Сознание плыло вместе со зрением, и, видимо, доктор это заметил, раз почти сразу я почувствовала укол в вену. Пара минут, и мне действительно стало чуть лучше.
– Нет, – просипела я спустя еще немного времени. – Можно воды?
– Конечно.
Мужчина не помог мне сесть, но придержал голову и поднес стакан, давая сделать несколько глотков.
– Вас доставила скорая, – вернулся к прерванной теме врач. – В очень, очень плохом состоянии. Что же вы так, Анна Леонидовна, не бережете себя?
Я не хотела отвечать. Но прострелившая разум мысль тут же сорвалась словами с губ.
– Мой муж умер.
Удивительно, но я не испытала ничего. Ни боли, ни горя, ни тоски. Словно все эмоции во мне перегорели, как старая лампочка накаливания. Пустили по ним слишком сильный ток, и все – пружинка обгорела и развалилась.
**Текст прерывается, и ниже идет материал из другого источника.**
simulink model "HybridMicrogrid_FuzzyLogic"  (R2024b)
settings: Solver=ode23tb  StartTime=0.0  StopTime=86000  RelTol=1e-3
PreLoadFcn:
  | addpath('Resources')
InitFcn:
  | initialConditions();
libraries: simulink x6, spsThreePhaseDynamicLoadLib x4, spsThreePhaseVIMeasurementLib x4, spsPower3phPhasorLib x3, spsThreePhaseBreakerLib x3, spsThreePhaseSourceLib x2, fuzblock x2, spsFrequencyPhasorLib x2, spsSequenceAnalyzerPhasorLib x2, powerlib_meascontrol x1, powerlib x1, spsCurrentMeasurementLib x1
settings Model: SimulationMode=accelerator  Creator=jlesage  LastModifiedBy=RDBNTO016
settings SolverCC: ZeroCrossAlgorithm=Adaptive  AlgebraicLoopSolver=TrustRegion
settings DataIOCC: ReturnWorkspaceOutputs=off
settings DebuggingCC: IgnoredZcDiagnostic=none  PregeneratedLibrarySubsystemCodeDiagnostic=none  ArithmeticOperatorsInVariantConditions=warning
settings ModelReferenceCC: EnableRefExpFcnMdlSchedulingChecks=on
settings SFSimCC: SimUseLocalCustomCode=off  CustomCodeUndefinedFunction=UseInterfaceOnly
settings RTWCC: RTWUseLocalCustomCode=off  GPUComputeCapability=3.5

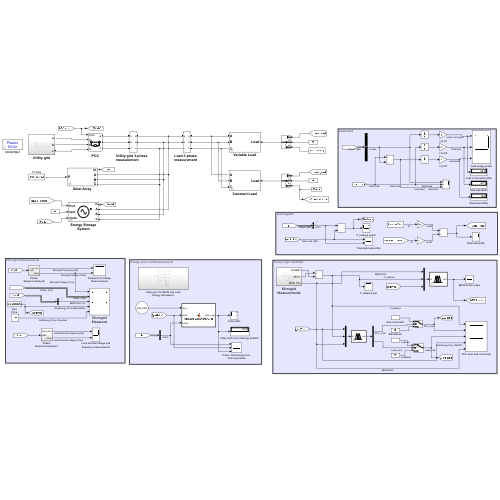
[thumbnail: Simulink's stored preview of the top-level diagram]
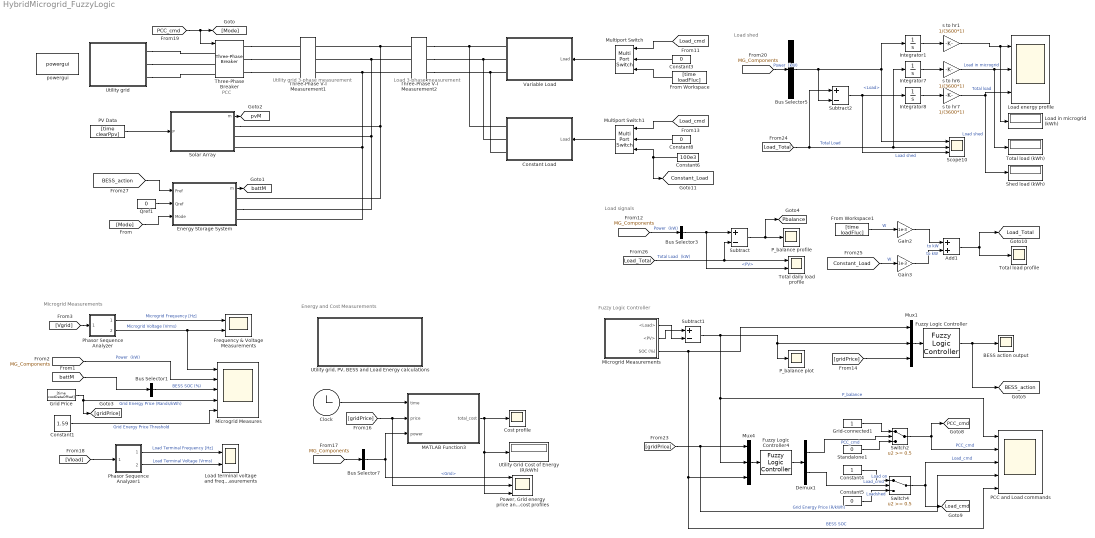
== system HybridMicrogrid_FuzzyLogic ==
  note: PCC
  note: Energy and Cost Measurements
  note: Fuzzy Logic Controller
  note: Microgrid Measurements
  note: Load shed
  note: Load 3-phase measurement
  note: Utility grid 3-phase measurement
  note: Load signals
  Add1 : Sum
  BESS action output : Scope
  Bus Selector1 : BusSelector  OutputSignals=SOC (%)  OutputAsBus=on
  Bus Selector3 : BusSelector  OutputSignals=PV
  Bus Selector5 : BusSelector  OutputSignals=Load
  Bus Selector7 : BusSelector  OutputSignals=Grid
  Clock : Clock
  Constant Load : Subsystem  mask(Variable Load (PQ Model)){Vn=400, Fn=50, PF=1, Load0=0}
      mask prompts: Vn "Nominal L-L Voltage [Vrms]"; Fn "Nominal Frequency [Hz]"; PF "Power Factor [0 to 1]"; Load0 "Initial Load [W]"
      mask help:
      | The Variable Load block is a lumped approximation for a distribution feeder. For non-unity power factor loads, the input (active power) is scaled accordingly to generate a desired load.
      |
      | Note: The initial input load must be specified for use for Load Flow analysis.
      mask init:
      | P0 = Load0;
      | Q0 = Load0*sqrt(1/PF^2-1);
      mask Display:
      | port_label('input',1,'Load')
      | port_label('Rconn',1,'A')
      | port_label('Rconn',2,'B')
      | port_label('Rconn',3,'C')
  Constant1 : Constant  Value=1.59
  Constant3 : Constant  Value=0
  Constant4 : Constant
  Constant5 : Constant  Value=0
  Constant6 : Constant  Value=100e3
  Constant8 : Constant  Value=0
  Cost profile : Scope
  Demux1 : Demux  Outputs=2
  Energy Storage System : Subsystem  mask(Grid-connected Energy Storage (PQ Model)){SimMode=Phasor, Vn=400, Fn=50, PnomkW=300, kWh_Rated=3000, Efficiency=96, LimitVec=[90 30], RechargeSOC=50, Precharge=90, autoRecharge=on, Initial_kWh_pc=50, PQvec=[300e3 0]}
      mask prompts: SimMode "Simulation Mode"; Vn "Nominal L-L Voltage [Vrms]"; Fn "Nominal Frequency [Hz]"; PnomkW "Rated Power [kW]"; kWh_Rated "Rated Capacity [kWh]"; Efficiency "Overall System Efficiency [%]"; LimitVec "Upper/Lower Charge Limits [%]"; RechargeSOC "SOC to Recharge [%]"; Precharge "Recharge Rate [% of Rated Power]"; autoRecharge "Enable Auto-Recharge"; Initial_kWh_pc "Initial State-of-Charge [0-100%]"; PQvec "Initial Active/Reactive Cmds"
      mask help:
      | The energy storage block models a generic grid-connected energy storage system (ESS), most commonly a battery system. This is a system-level model that does not contain any power electronics, but is useful for load flow, phasor, and hybrid phasor-EMT simulations. The inputs to this block are the commanded active and reactive power of the ESS. The ESS is assumed to have four quadrent operation. The Mode Input dictates what high-level operation the ESS has: current control (Mode = 1) or voltage control (Mode = 0). Current control is ideal for a grid connected system where you need to specify P,Q commands. Voltage control is necessary if the ESS will be the only system supporting the microgrid in islanded mode.
      |
      | For more detailed ESS models, consider the battery block in the Drives library. Consider using this PQ Model to perform load flow studies and switch to a more detailed model when full EMT studies or more advanced controls are required.
      |
      | Note: The initial active/reactive power commands must be specified for use for Load Flow analysis.
      mask init:
      | % Calculate Initial Conditions
      | Pnom = PnomkW*1e3;
      | P0 = -PQvec(1);  Q0 = -PQvec(2);
      | if abs(P0) > Pnom
      |     P0 = sign(P0)*Pnom;
      | end
      | 
      | % Calculate Q0 given Reactive Power Capability Curve
      | Qlim = sqrt(Pnom^2 - P0^2);
      | if Qlim > abs(Q0)
      |     Q0 = sign(Q0)*Qlim;
      | end
      | 
      | UpChrgLim = LimitVec(1);
      | LowChrgLim = LimitVec(2);
      | if Initial_kWh_pc > UpChrgLim && P0 < 0
      |     P0 = 0; Q0 = 0;
      | elseif Initial_kWh_pc < LowChrgLim && P0 > 0
      |     P0 = 0; Q0 = 0;
      | end
      | 
      | simulationStatus =  get_param(bdroot,'SimulationStatus');
      | 
      | % The active variant can only be modified at edit-time or very early during
      | % the simulink compile stage. 
      | if any(strcmp(simulationStatus, {'stopped'}))
      | 
      | blk = [gcb '/Power Measures'];
      | if strcmp(SimMode,'Phasor')
      |     set_param(blk,'OverrideUsingVariant','Phasor');
      | else
      |     set_param(blk,'OverrideUsingVariant','EMT');
      | end
      | 
      | 
      | end
      mask TypeOptions SimMode: Electromagnetic Transient (EMT) | Phasor
      mask DialogControl Container7 Prompt: Grid Connection Properties
      mask DialogControl Container11 Prompt: Charge/Discharge Controls
      mask DialogControl Container12 Prompt: Initial Conditions
      mask Display: plot(-80,-50,80,50,[0,9,18,24,29,30,29,24,18,9,0,-9,-18,-24,-29,-30,-29,-24,-18,-9,0],[30,29,24,18,9,0,-9,-18,-24,-29,-30,-29,-24,-18,-9,0,9,18,24,29,30],[-50],[0],[50],[0],[45 35 40 40 40],[15 15 15 20 10],[1 2 3 4 5 6 7 8 9 10 11 12 13 14 15 16 17 18 19 20 21].*1.5-15,[0,9,18,24,29,30,29,24,18,9,0,-9,-18,-24,-29,-30,-29,-24,-18,-9,0]./2.4)
  Frequency & Voltage Measurements : Scope  NumInputPorts=2
  From Workspace : FromWorkspace  VariableName=[time loadFluc]
  From Workspace1 : FromWorkspace  VariableName=[time loadFluc]
  Fuzzy Logic Controller : fuzblock/Fuzzy Logic  Controller  FIS=Fuzzy_EMS  OutputSampleNumber=101  DataType=double  FuzzifiedInputs=off  RuleFiringStrengths=off  RuleOutputs=off  AggregatedOutputs=off  SimulateUsing=Interpreted execution  OutOfRangeInputValueMessage=warning  NoRuleFiredMessage=warning  EmptyOutputFuzzySetMessage=warning
  Fuzzy Logic Controller4 : fuzblock/Fuzzy Logic  Controller  FIS=Fuzzy_PCC_Load  OutputSampleNumber=101  DataType=double  FuzzifiedInputs=off  RuleFiringStrengths=off  RuleOutputs=off  AggregatedOutputs=off  SimulateUsing=Interpreted execution  OutOfRangeInputValueMessage=warning  NoRuleFiredMessage=warning  EmptyOutputFuzzySetMessage=warning
  Gain2 : Gain  Gain=1e-3
  Gain3 : Gain  Gain=1e-3
  Grid Price : FromWorkspace  VariableName=[time costDataOffset]
  Grid-connected1 : Constant
  Integrator1 : Integrator
  Integrator7 : Integrator
  Integrator8 : Integrator
  Load energy profile : Scope  NumInputPorts=3
  Load in microgrid (kWh) : Display
  Load terminal voltage and frequency measurements : Scope  NumInputPorts=2
  MATLAB Function3 : MATLAB Function  TreatAsAtomicUnit=on
  Microgrid Measurements : Subsystem
  Microgrid Measures : Scope  NumInputPorts=5
  Multiport Switch : MultiPortSwitch  DataPortOrder=Zero-based contiguous  Inputs=2  zeroidx=on  SaturateOnIntegerOverflow=off  InputSameDT=off
  Multiport Switch1 : MultiPortSwitch  DataPortOrder=Zero-based contiguous  Inputs=2  zeroidx=on  SaturateOnIntegerOverflow=off  InputSameDT=off
  Mux1 : Mux  Inputs=3
  Mux4 : Mux  Inputs=3
  PCC and Load commands : Scope  NumInputPorts=5
  PV Data : FromWorkspace  VariableName=[time clearPpv]
  P_balance plot : Scope
  P_balance profile : Scope
  Phasor Sequence Analyzer : Subsystem
  Phasor Sequence Analyzer1 : Subsystem
  "Power, Grid energy price and cost profiles" : Scope  NumInputPorts=3
  Qref1 : Constant  Value=0
  Scope10 : Scope  NumInputPorts=3
  Shed load (kWh) : Display
  Solar Array : Subsystem  mask(Grid-Connected PV Array (PQ Model)){Vn=400, Fn=50, P0=250e3}
      mask prompts: Vn "Nominal L-L Voltage [Vrms]"; Fn "Nominal Frequency [Hz]"; P0 "Initial Power [W]"
      mask help:
      | This block models a grid-connected solar array using the Three-Phase Dynamic Load block. This is a system-level model that does not contain any power electronics, but is useful for load flow, phasor, and hybrid phasor-EMT simulations. The input to this block is the power output of the grid connected PV array, not irradiance.
      |
      | For more detailed PV models, consider the PV Array block in the Renewables library. Consider using this PQ Model to perform load flow studies and switch to a more detailed model when full EMT studies are required.
      |
      | Note: The array power must be specified for use for Load Flow analysis.
      mask init:
      | % P0 = Irr0*TotalArea*Efficiency/100;
      | P0 = -P0;
      mask Display:
      | port_label('input',1,'P')
      | port_label('output',1,'m')
      | port_label('Rconn',1,'A')
      | port_label('Rconn',2,'B')
      | port_label('Rconn',3,'C')
  Standalone1 : Constant  Value=0
  Subtract : Sum  Inputs=+-
  Subtract1 : Sum  Inputs=+-
  Subtract2 : Sum  Inputs=+-
  Switch2 : Switch  Threshold=0.5  SaturateOnIntegerOverflow=off  InputSameDT=off
  Switch4 : Switch  Threshold=0.5  SaturateOnIntegerOverflow=off  InputSameDT=off
  Three-Phase V-I Measurement1 : spsThreePhaseVIMeasurementLib/Three-Phase V-I Measurement  VoltageMeasurement=phase-to-ground  SetLabelV=on  LabelV=Vgrid  Vpu=off  VpuLL=off  CurrentMeasurement=yes  SetLabelI=on  LabelI=Igrid  Ipu=off  Pbase=100e6  Vbase=500e3  OutputType=Complex  PhasorSimulation=on  PSBequivalent=0
  Three-Phase V-I Measurement2 : spsThreePhaseVIMeasurementLib/Three-Phase V-I Measurement  VoltageMeasurement=phase-to-ground  SetLabelV=on  LabelV=Vload  Vpu=off  VpuLL=off  CurrentMeasurement=yes  SetLabelI=on  LabelI=Iload  Ipu=off  Pbase=100e6  Vbase=500e3  OutputType=Complex  PhasorSimulation=on  PSBequivalent=0
  Three-Phase Breaker : spsThreePhaseBreakerLib/Three-Phase Breaker  InitialState=closed  SwitchA=on  SwitchB=on  SwitchC=on  SwitchTimes="[1/60  5/60]"  External=on  BreakerResistance=0.01  SnubberResistance=1e6  SnubberCapacitance=inf  Measurements=None
  Total daily load profile : Scope  NumInputPorts=2
  Total load (kWh) : Display
  Total load profile : Scope
  Utility Grid Cost of Energy (R/kWh) : Display
  Utility grid : Subsystem
  "Utility grid, PV, BESS and Load Energy calculations" : Subsystem
  Variable Load : Subsystem  mask(Variable Load (PQ Model)){Vn=400, Fn=50, PF=1, Load0=0}
      mask prompts: Vn "Nominal L-L Voltage [Vrms]"; Fn "Nominal Frequency [Hz]"; PF "Power Factor [0 to 1]"; Load0 "Initial Load [W]"
      mask help:
      | The Variable Load block is a lumped approximation for a distribution feeder. For non-unity power factor loads, the input (active power) is scaled accordingly to generate a desired load.
      |
      | Note: The initial input load must be specified for use for Load Flow analysis.
      mask init:
      | P0 = Load0;
      | Q0 = Load0*sqrt(1/PF^2-1);
      mask Display:
      | port_label('input',1,'Load')
      | port_label('Rconn',1,'A')
      | port_label('Rconn',2,'B')
      | port_label('Rconn',3,'C')
  powergui : sps_lib/powergui  Priority=1  SimulationMode=Phasor  SampleTime=1e-4  frequency=50  Iterations=50  frequencyindice=50  Pbase=100e6  ErrMax=0.0001  UnitsV=kV  UnitsW=MW  buscounter=3  FunctionMessages=off  echomessages=off  EnableUseOfTLC=off  CurrentSourceSwitches=off  DisableSnubberDevices=off  DisableRonSwitches=off  DisableVfSwitches=off  DisplayEquations=off  AutomaticDiscreteSolvers=off  SolverType=Tustin/Backward Euler (TBE)  Interpol=off  ExternalGateDelay=off  methode=off  Ts=100  x0status=blocks  SPID=on  SwTol=0  HookPort=off  NonlinearTolerance=0  nMaxIteration=15  ContinueOnMaxIteration=off  RestoreLinks=warning  ResistiveCurrentMeasurement=off  Frange=[0:2:500]  Ylog=off  Xlog=on  ShowGrid=off  save=off  variable=ZData  structure=0  ZoomFFT=off  StartTime=0.0  cycles=1  DisplayStyle=1  fundamental=60  FreqAxis=off  MaxFrequency=1000  frequencyindicesteady=1  RmsSteady=1  display=off
  s to hr1 : Gain  Gain=1/(3600*1)
  s to hr6 : Gain  Gain=1/(3600*1)
  s to hr7 : Gain  Gain=1/(3600*1)
  tag scope: BESS_action=global, Constant_Load=global, Load_Total=global, Load_cmd=global, PCC_cmd=global, Pbalance=global, battM=global, pvM=global
  wires:
  Qref1/1 -> Energy Storage System/2(Qref)
  Energy Storage System/1(m) -> [battM]
  Solar Array/1(m) -> [pvM]
  [Vgrid] -> Phasor Sequence Analyzer/1(Vabc)
  [Mode] -> Energy Storage System/3(Mode)
  [MG_Components] -> Microgrid Measures/2  "Power  (kW)"
  Phasor Sequence Analyzer/2(Vrms) -> Microgrid Measures/1, Frequency & Voltage Measurements/2  "Microgrid Voltage (Vrms)"
  [battM] -> Bus Selector1/1
  Bus Selector1/1 -> Microgrid Measures/3  "BESS SOC (%)"
  Phasor Sequence Analyzer/1(Freq (Hz)) -> Frequency & Voltage Measurements/1  "Microgrid Frequency [Hz]"
  Grid Price/1 -> [gridPrice], Microgrid Measures/4  "Grid Energy Price (Rands/kWh)"
  Fuzzy Logic Controller/1 -> [BESS_action], BESS action output/1
  Subtract/1 -> [Pbalance], P_balance profile/1
  Bus Selector3/1 -> Total daily load profile/2, Subtract/1  "<PV>"
  Microgrid Measurements/1(<Load>) -> Subtract1/2
  Mux1/1 -> Fuzzy Logic Controller/1
  Microgrid Measurements/3(SOC (%)) -> Mux1/1, Mux4/3, PCC and Load commands/5  "BESS SOC"
  Microgrid Measurements/2(<PV>) -> Subtract1/1
  Subtract1/1 -> Mux4/2, PCC and Load commands/1, Mux1/2, P_balance plot/1  "P_balance"
  Constant1/1 -> Microgrid Measures/5  "Grid Energy Price Threshold"
  Clock/1 -> MATLAB Function3/1(time)
  [gridPrice] -> "Power, Grid energy price and cost profiles"/2, MATLAB Function3/2(price)
  [MG_Components] -> Bus Selector7/1
  Bus Selector7/1 -> "Power, Grid energy price and cost profiles"/1, MATLAB Function3/3(power)  "<Grid>"
  MATLAB Function3/1(total_cost) -> Cost profile/1, Utility Grid Cost of Energy (R/kWh)/1, "Power, Grid energy price and cost profiles"/3
  PV Data/1 -> Solar Array/1(P)
  [MG_Components] -> Bus Selector3/1  "Power  (kW)"
  Multiport Switch/1 -> Variable Load/1(Load)
  Constant3/1 -> Multiport Switch/2
  [Load_cmd] -> Multiport Switch/1
  Mux4/1 -> Fuzzy Logic Controller4/1
  [gridPrice] -> PCC and Load commands/4, Mux4/1  "Grid Energy Price (R/kWh)"
  Fuzzy Logic Controller4/1 -> Demux1/1
  Demux1/1 -> Switch2/2  "PCC_cmd"
  Demux1/2 -> Switch4/2  "Load_cmd"
  Constant5/1 -> Switch4/3  "Loadshed"
  Constant4/1 -> Switch4/1  "Load on"
  Switch4/1 -> [Load_cmd], PCC and Load commands/3  "Load_cmd"
  Grid-connected1/1 -> Switch2/1
  Standalone1/1 -> Switch2/3
  From Workspace/1 -> Multiport Switch/3
  [MG_Components] -> Bus Selector5/1  "Power  (kW)"
  Bus Selector5/1 -> Integrator1/1, Scope10/1, Subtract2/2  "<Load>"
  [Load_Total] -> Subtract2/1, Integrator7/1, Scope10/2  "Total Load"
  Subtract2/1 -> Scope10/3, Integrator8/1  "Load shed"
  Integrator1/1 -> s to hr1/1
  s to hr1/1 -> Load in microgrid (kWh)/1, Load energy profile/1  "Load in microgrid"
  Integrator8/1 -> s to hr7/1
  s to hr7/1 -> Shed load (kWh)/1, Load energy profile/3  "Load shed"
  Integrator7/1 -> s to hr6/1
  s to hr6/1 -> Total load (kWh)/1, Load energy profile/2  "Total load"
  [Load_cmd] -> Multiport Switch1/1
  Multiport Switch1/1 -> Constant Load/1(Load)
  Constant8/1 -> Multiport Switch1/2
  Constant6/1 -> [Constant_Load], Multiport Switch1/3
  [Constant_Load] -> Gain3/1  "W"
  From Workspace1/1 -> Gain2/1  "W"
  Gain2/1 -> Add1/1  "to kW"
  Gain3/1 -> Add1/2  "to kW"
  Add1/1 -> Total load profile/1, [Load_Total]
  [Load_Total] -> Total daily load profile/1, Subtract/2  "Total Load  (kW)"
  [PCC_cmd] -> Three-Phase Breaker/1, [Mode]
  [gridPrice] -> Mux1/3
  [BESS_action] -> Energy Storage System/1(Pref)
  [Vload] -> Phasor Sequence Analyzer1/1(Vabc)
  Phasor Sequence Analyzer1/1(Freq (Hz)) -> Load terminal voltage and frequency measurements/1  "Load Terminal Frequency [Hz]"
  Phasor Sequence Analyzer1/2(Vrms) -> Load terminal voltage and frequency measurements/2  "Load Terminal Voltage (Vrms)"
  Switch2/1 -> [PCC_cmd], PCC and Load commands/2  "PCC_cmd"
  connections:
  Variable Load/RConn2 -- Three-Phase V-I Measurement2/LConn2 -- Constant Load/RConn2
  Solar Array/RConn3 -- Energy Storage System/RConn3 -- Three-Phase V-I Measurement2/RConn3 -- Three-Phase V-I Measurement1/RConn3
  Three-Phase Breaker/RConn1 -- Three-Phase V-I Measurement1/LConn1
  Three-Phase Breaker/RConn2 -- Three-Phase V-I Measurement1/LConn2
  Three-Phase Breaker/RConn3 -- Three-Phase V-I Measurement1/LConn3
  Variable Load/RConn1 -- Three-Phase V-I Measurement2/LConn1 -- Constant Load/RConn1
  Solar Array/RConn1 -- Energy Storage System/RConn1 -- Three-Phase V-I Measurement2/RConn1 -- Three-Phase V-I Measurement1/RConn1
  Energy Storage System/RConn2 -- Three-Phase V-I Measurement2/RConn2 -- Three-Phase V-I Measurement1/RConn2 -- Solar Array/RConn2
  Variable Load/RConn3 -- Three-Phase V-I Measurement2/LConn3 -- Constant Load/RConn3
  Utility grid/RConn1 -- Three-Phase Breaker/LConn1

Вот я чувствовала себя такой же – сгоревшей и развалившейся.
– Мне жаль, – спустя недолгую паузу отозвался мужчина, и в его голосе действительно сквозило сожаление. – Но вам нужно быть сильной, Анна Леонидовна, чтобы позаботиться о себе и о ребенке.
Наверное, во мне было слишком много лекарств, раз начались слуховые галлюцинации, но я все равно рискнула переспросить:
– Каком ребенке?
Мужчина чуть печально улыбнулся.
– Вы беременны, гражданка Солер. Шесть-семь недель. Не буду скрывать, угроза прерывания все еще имеется, и она высока, поэтому мне очень нужна ваша помощь, чтобы сохранить эту маленькую жизнь.